■ **AIM OF THE EXERCISE**: Some entries follow. Reproduce exactly the lines starting at the one with "window (WindowConstruction 7): -63.77,-16.81" and stopping after the one with "window (WindowConstruction 4): 14.38,-66.2".

■ **RECORDS FOR THE EXERCISE**:

***

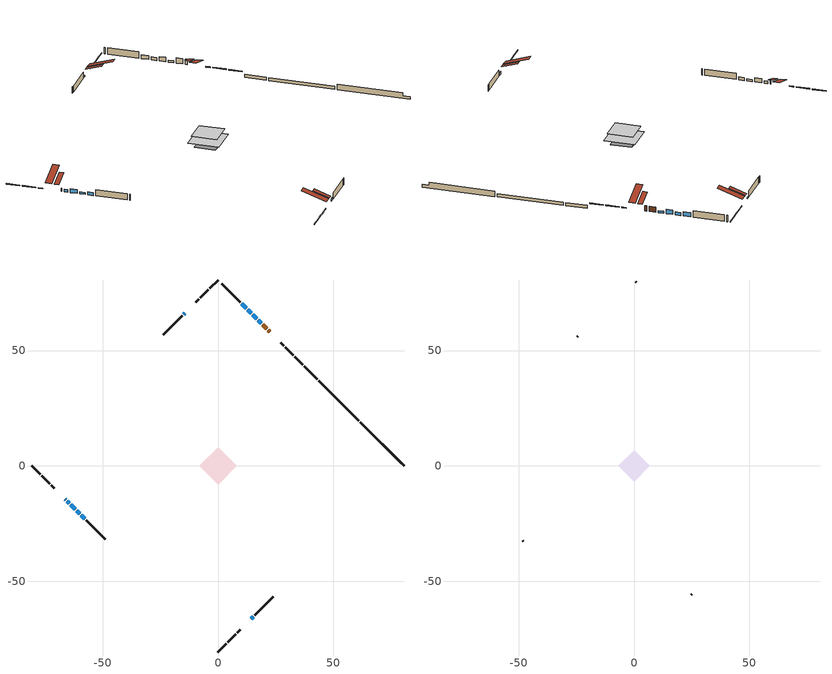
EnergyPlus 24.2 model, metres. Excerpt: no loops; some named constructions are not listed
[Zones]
conditioned space
 floor adiabatic (Floor2 construction): -5.04,0 0,5.04 5.04,0 0,-5.04 z0.91
 floor adiabatic (Floor3 construction): -3.81,0 0,3.81 3.81,0 0,-3.81 z0.91
 floor adiabatic (AdiabaticFloorConstruction): -8.03,0 0,8.03 8.03,0 0,-8.03 z0.91
 floor foundation (Slab1 construction): -4.74,0.86 -0.86,4.74 4.74,-0.86 0.86,-4.74 z-1.28
 floor foundation (Slab2 construction): -5.48,0 0,5.48 5.48,0 0,-5.48 z-1.13
 floor foundation (Slab2 construction 1): -3.13,0 0,3.13 3.13,0 0,-3.13 z-1.13
 wall outside (RimJoist1 construction): 0,-80.58 3.56,-77.02 / -80.58,0 -77.02,-3.56 / 0,80.58 -3.56,77.02 / 36.79,43.78 33.24,47.34 z0.91:1.21
 wall outside (RimJoist2 construction): 4.21,-76.36 7.75,-72.83 / -76.36,-4.21 -72.83,-7.75 / -4.21,76.36 -7.75,72.83 / 32.58,48 29.05,51.53 z0.91:1.21
 wall outside (RimJoist3 construction): 8.4,-72.17 9.55,-71.02 / -72.17,-8.4 -71.02,-9.55 / -8.4,72.17 -9.55,71.02 / 28.39,52.19 27.24,53.33 z0.91:1.21
 wall outside (AdiabaticWallConstruction 1): 22.42,58.16 21.82,58.75 / 21.17,59.41 19.47,61.1 z0.91:2.94
 wall outside (AdiabaticWallConstruction): -66.2,-14.37 -66.05,-14.53 z0.91:2.13; -65.39,-15.18 -64.42,-16.15 z0.91:1.85; -63.77,-16.81 -61.9,-18.68 / 12.25,68.32 10.38,70.19 z0.91:2.43; 18.82,61.76 17.45,63.12 / -61.24,-19.33 -59.88,-20.7 z0.91:1.67; 16.8,63.78 15,65.58 z0.91:2.59; 14.34,66.23 12.91,67.67 / -59.22,-21.36 -57.78,-22.79 z0.91:2.05; -14.37,66.2 -14.86,65.71 z0.91:1.5; 14.38,-66.2 15.2,-65.37 z0.91:1.93
 wall outside (Wall1 construction): 15.86,-64.72 24.04,-56.53 / -57.13,-23.45 -48.94,-31.63 / -15.52,65.06 -23.7,56.88 / 9.73,70.85 1.54,79.03 z0.91:3.35
 wall foundation (FoundationWall1 construction): 61.61,18.97,-1.28 61.61,18.97,0.91 78.68,1.9,0.91 78.68,1.9,-0.19 80.58,0,-0.19 80.58,0,-1.28
 wall foundation (FoundationWall2 construction): 60.95,19.62 43.71,36.87 z-1.13:0.03
 wall foundation (FoundationWall3 construction): 43.05,37.52 37.45,43.13 z-1.13:0.03
 window (WindowConstruction 8): -66.2,-14.38 -66.05,-14.53 z0.91:2.13
 window (WindowConstruction 6): -65.39,-15.18 -64.42,-16.15 z0.91:1.85
 window (WindowConstruction 7): -63.77,-16.81 -61.9,-18.68 z0.91:2.43
 window (WindowConstruction 9): 18.82,61.76 17.45,63.12 z0.91:1.67
 window (WindowConstruction 10): -61.24,-19.33 -59.88,-20.7 z0.91:1.67
 window (WindowConstruction): 16.79,63.78 15,65.58 z0.91:2.59
 window (WindowConstruction 1): 14.34,66.23 12.91,67.67 z0.91:2.05
 window (WindowConstruction 2): 12.25,68.33 10.38,70.19 z0.91:2.43
 window (WindowConstruction 3): -14.38,66.2 -14.86,65.71 z0.91:1.5
 window (WindowConstruction 4): 14.38,-66.2 15.2,-65.37 z0.91:1.92
 window (WindowConstruction 5): -59.22,-21.36 -57.78,-22.79 z0.91:2.05
 door (Door): 22.42,58.16 21.82,58.75 z0.91:2.94
 door (Door 1): 21.17,59.41 19.47,61.1 z0.91:2.94
 ceiling adiabatic (AdiabaticFloorConstruction): 0,-8.03 8.03,0 0,8.03 -8.03,0 z0.91
 roof outside (Roof2 construction): 13.72,-66.86,3.35 9.43,-62.57,5.37 8.31,-63.7,5.37 12.59,-67.99,3.35; -66.86,-13.72,3.35 -62.57,-9.43,5.37 -63.7,-8.31,5.37 -67.99,-12.59,3.35; -13.72,66.86,3.35 -9.43,62.57,5.37 -8.31,63.7,5.37 -12.59,67.99,3.35; 23.07,57.5,3.35 18.79,53.22,5.37 19.92,52.09,5.37 24.2,56.37,3.35
attic - vented
 floor to conditioned space (Floor1 construction Reversed): -6.72,0 0,6.72 6.72,0 0,-6.72 z3.35
 wall outside (Wall2 construction): 24.7,-55.88 24.93,-55.65 / -48.29,-32.29 -48.06,-32.52 / -24.36,56.22 -24.59,55.99 / 0.89,79.69 0.66,79.92 z0.91:3.35
 roof outside (Roof1 construction): 11.93,-68.64,3.35 5.39,-62.1,6.43 3.66,-63.82,6.43 10.21,-70.37,3.35; -68.64,-11.93,3.35 -62.1,-5.39,6.43 -63.82,-3.66,6.43 -70.37,-10.21,3.35; -11.93,68.64,3.35 -5.39,62.1,6.43 -3.66,63.82,6.43 -10.21,70.37,3.35; 24.86,55.72,3.35 18.31,49.17,6.43 20.04,47.45,6.43 26.58,53.99,3.35
[Material] Roughness=Rough; Thermal Absorptance=0.9
Name | Thickness {m} | Conductivity {W/m-K} | Density {kg/m3} | Specific Heat {J/kg-K} | Solar Absorptance | Visible Absorptance
ceiling loosefill ins | 0.0846667 | 0.0480833 | 16.02 | 1046.75 | 0.7 | 0.7
ceiling stud and cavity | 0.1397 | 0.1119 | 65.682 | 1177.47 | 0.7 | 0.7
gypsum board | 0.0127 | 0.160291 | 801 | 837.4 | 0.6 | 0.6
[Construction]
Floor1 construction: ceiling loosefill ins, ceiling stud and cavity, gypsum board
[EnergyManagementSystem:Program]
fridge_schedule_program: Set Tin = fridge_tin_s*(9.0/5.0)+32.0; Set fridge_schedule_act = 0; If (Hour == 0); Set fridge_schedule_act = (-0.487+0.019*Tin); ElseIf (Hour == 1); Set fridge_schedule_act = (-0.34+0.016*Tin); ElseIf (Hour == 2); Set fridge_schedule_act = (-0.37+0.017*Tin); ElseIf (Hour == 3); Set fridge_schedule_act = (-0.361+0.016*Tin); ElseIf (Hour == 4); Set fridge_schedule_act = (-0.515+0.018*Tin); ElseIf (Hour == 5); Set fridge_schedule_act = (-0.684+0.021*Tin); ElseIf (Hour == 6); Set fridge_schedule_act = (-0.471+0.019*Tin); ElseIf (Hour == 7); Set fridge_schedule_act = (-0.159+0.015*Tin); ElseIf (Hour == 8); Set fridge_schedule_act = (-0.079+0.015*Tin); ElseIf (Hour == 9); Set fridge_schedule_act = (-0.417+0.019*Tin); ElseIf (Hour == 10); Set fridge_schedule_act = (-0.411+0.018*Tin); ElseIf (Hour == 11); Set fridge_schedule_act = (-0.386+0.018*Tin); ElseIf (Hour == 12); Set fridge_schedule_act = (-0.24+0.016*Tin); ElseIf (Hour == 13); Set fridge_schedule_act = (-0.314+0.017*Tin); ElseIf (Hour == 14); Set fridge_schedule_act = (-0.16+0.015*Tin); ElseIf (Hour == 15); Set fridge_schedule_act = (-0.121+0.015*Tin); ElseIf (Hour == 16); Set fridge_schedule_act = (-0.469+0.02*Tin); ElseIf (Hour == 17); Set fridge_schedule_act = (-0.412+0.02*Tin); ElseIf (Hour == 18); Set fridge_schedule_act = (-0.091+0.017*Tin); ElseIf (Hour == 19); Set fridge_schedule_act = (0.077+0.014*Tin); ElseIf (Hour == 20); Set fridge_schedule_act = (-0.118+0.016*Tin); ElseIf (Hour == 21); Set fridge_schedule_act = (-0.247+0.017*Tin); ElseIf (Hour == 22); Set fridge_schedule_act = (-0.445+0.019*Tin); ElseIf (Hour == 23); Set fridge_schedule_act = (-0.544+0.02*Tin); EndIf
infil_program: Set p_m = 0.14; Set p_s = 0.22; Set s_m = 270; Set s_s = 370; Set z_m = 9.99744; Set z_s = 2.6935849149268725; Set f_t = (((s_m/z_m)^p_m)*((z_s/s_s)^p_s)); Set Tdiff = tin_s-tout_s; Set dT = @Abs Tdiff; Set c = 0.0998; Set Cs = 0.0699; Set Cw = 0.149; Set n = 0.65; Set sft = (f_t*0.54); Set temp1 = ((c*Cw)*((sft*site_vw_s)^(2*n)))^2; Set Qinf = (((c*Cs*(dT^n))^2)+temp1)^0.5; Set Qinf = (@Max Qinf 0); Set mech_vent_house_fan_sensible_load_act = 0.0; Set mech_vent_house_fan_latent_load_act = 0.0; Set OASupInPb = out_pb_s; Set OASupInTemp = tout_s; Set OASupInW = out_wt_s; Set OASupRho = (@RhoAirFnPbTdbW OASupInPb OASupInTemp OASupInW); Set OASupCp = (@CpAirFnW OASupInW); Set OASupInEnth = (@HFnTdbW OASupInTemp OASupInW); Set ZoneTemp = tin_s; Set ZoneW = win_s; Set ZoneCp = (@CpAirFnW ZoneW); Set ZoneAirEnth = (@HFnTdbW ZoneTemp ZoneW); Set mech_vent_house_fan_cfis_act = 0.0; Set QWHV_cfis_sup = 0.0; Set QWHV_cfis_suppl_sup = 0.0; Set QWHV_cfis_suppl_exh = 0.0; Set Qrange = 0; Set Qbath = 0; Set Qbath = Qbath + 0.066 * mech_vent_bath_fan_0_sch_s; Set Qbath = Qbath + 0.066 * mech_vent_bath_fan_1_sch_s; Set Qdryer = 0; Set Qdryer = Qdryer + 0.00308 * clothes_dryer_exhaust_0_sch_s; Set QWHV_sup = 0.0; Set QWHV_exh = 0.0; Set Qsupply = QWHV_sup + QWHV_cfis_sup + QWHV_cfis_suppl_sup; Set Qexhaust = Qrange + Qbath + Qdryer + QWHV_exh + QWHV_cfis_suppl_exh; Set Qfan = (@Max Qexhaust Qsupply); Set Qducts = 0; If Qducts < 0; Set Qsupply = Qsupply - Qducts; Else; Set Qexhaust = Qexhaust + Qducts; EndIf; Set Qfan_with_ducts = (@Max Qexhaust Qsupply); Set Qimb = (@Abs (Qsupply - Qexhaust)); If Qinf + Qimb > 0; Set Qtot = Qfan_with_ducts + (Qinf^2) / (Qinf + Qimb); Else; Set Qtot = Qfan_with_ducts; EndIf; Set Qinf_adj = Qtot - Qfan; Set infil_flow_act = Qinf_adj; Set infil_program_Qinf = Qinf_adj; Set infil_program_Qfan = Qfan; Set Qload = Qfan; Set Effectiveness_Sens = 0.0; Set Effectiveness_Lat = 0.0; Set Fan_MFR = Qload * OASupRho; Set ZoneInEnth = OASupInEnth; Set ZoneInTemp = OASupInTemp; Set FanTotalToCond = Fan_MFR * (ZoneInEnth - ZoneAirEnth); Set FanSensToCond = Fan_MFR * ZoneCp * (ZoneInTemp - ZoneTemp); Set FanLatToCond = FanTotalToCond - FanSensToCond; Set mech_vent_house_fan_sensible_load_act = mech_vent_house_fan_sensible_load_act + FanSensToCond; Set mech_vent_house_fan_latent_load_act = mech_vent_house_fan_latent_load_act + FanLatToCond
natural_vent_program: Set Tin = tin_s; Set Tout = tout_s; Set Wout = out_wt_s; Set Pbar = out_pb_s; Set Phiout = (@RhFnTdbWPb Tout Wout Pbar); Set MaxHR = 0.0115; Set Tnvsp = (htg_sp_s + clg_sp_s) / 2; Set NVavail = natural_vent_s; Set ClgSsnAvail = cool_season; Set Qnv = 0; Set Qwhf = 0; Set whole_house_fan_mix_act = 0; Set whole_house_fan_act = 0; If ((Wout < MaxHR) && (Tin > Tout) && (Tin > Tnvsp) && (ClgSsnAvail > 0)); Set WHF_Flow = 0; Set Adj = (Tin-Tnvsp)/(Tin-Tout); Set Adj = (@Min Adj 1); Set Adj = (@Max Adj 0); If (WHF_Flow > 0); Set Qwhf = WHF_Flow*Adj; Set whole_house_fan_mix_act = WHF_Flow*Adj; Set WHF_W = 0; Set whole_house_fan_act = WHF_W*Adj; ElseIf (NVavail > 0); Set NVArea = 0.0; Set Cs = 9.907151967765604e-05; Set Cw = 2.3300784206547404e-05; Set Tdiff = Tin-Tout; Set dT = (@Abs Tdiff); Set Vwind = site_vw_s; Set SGNV = NVArea*Adj*((((Cs*dT)+(Cw*(Vwind^2)))^0.5)/1000); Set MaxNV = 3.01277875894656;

***

■ **SOLUTION TO THIS TASK**:
 window (WindowConstruction 7): -63.77,-16.81 -61.9,-18.68 z0.91:2.43
 window (WindowConstruction 9): 18.82,61.76 17.45,63.12 z0.91:1.67
 window (WindowConstruction 10): -61.24,-19.33 -59.88,-20.7 z0.91:1.67
 window (WindowConstruction): 16.79,63.78 15,65.58 z0.91:2.59
 window (WindowConstruction 1): 14.34,66.23 12.91,67.67 z0.91:2.05
 window (WindowConstruction 2): 12.25,68.33 10.38,70.19 z0.91:2.43
 window (WindowConstruction 3): -14.38,66.2 -14.86,65.71 z0.91:1.5
 window (WindowConstruction 4): 14.38,-66.2 15.2,-65.37 z0.91:1.92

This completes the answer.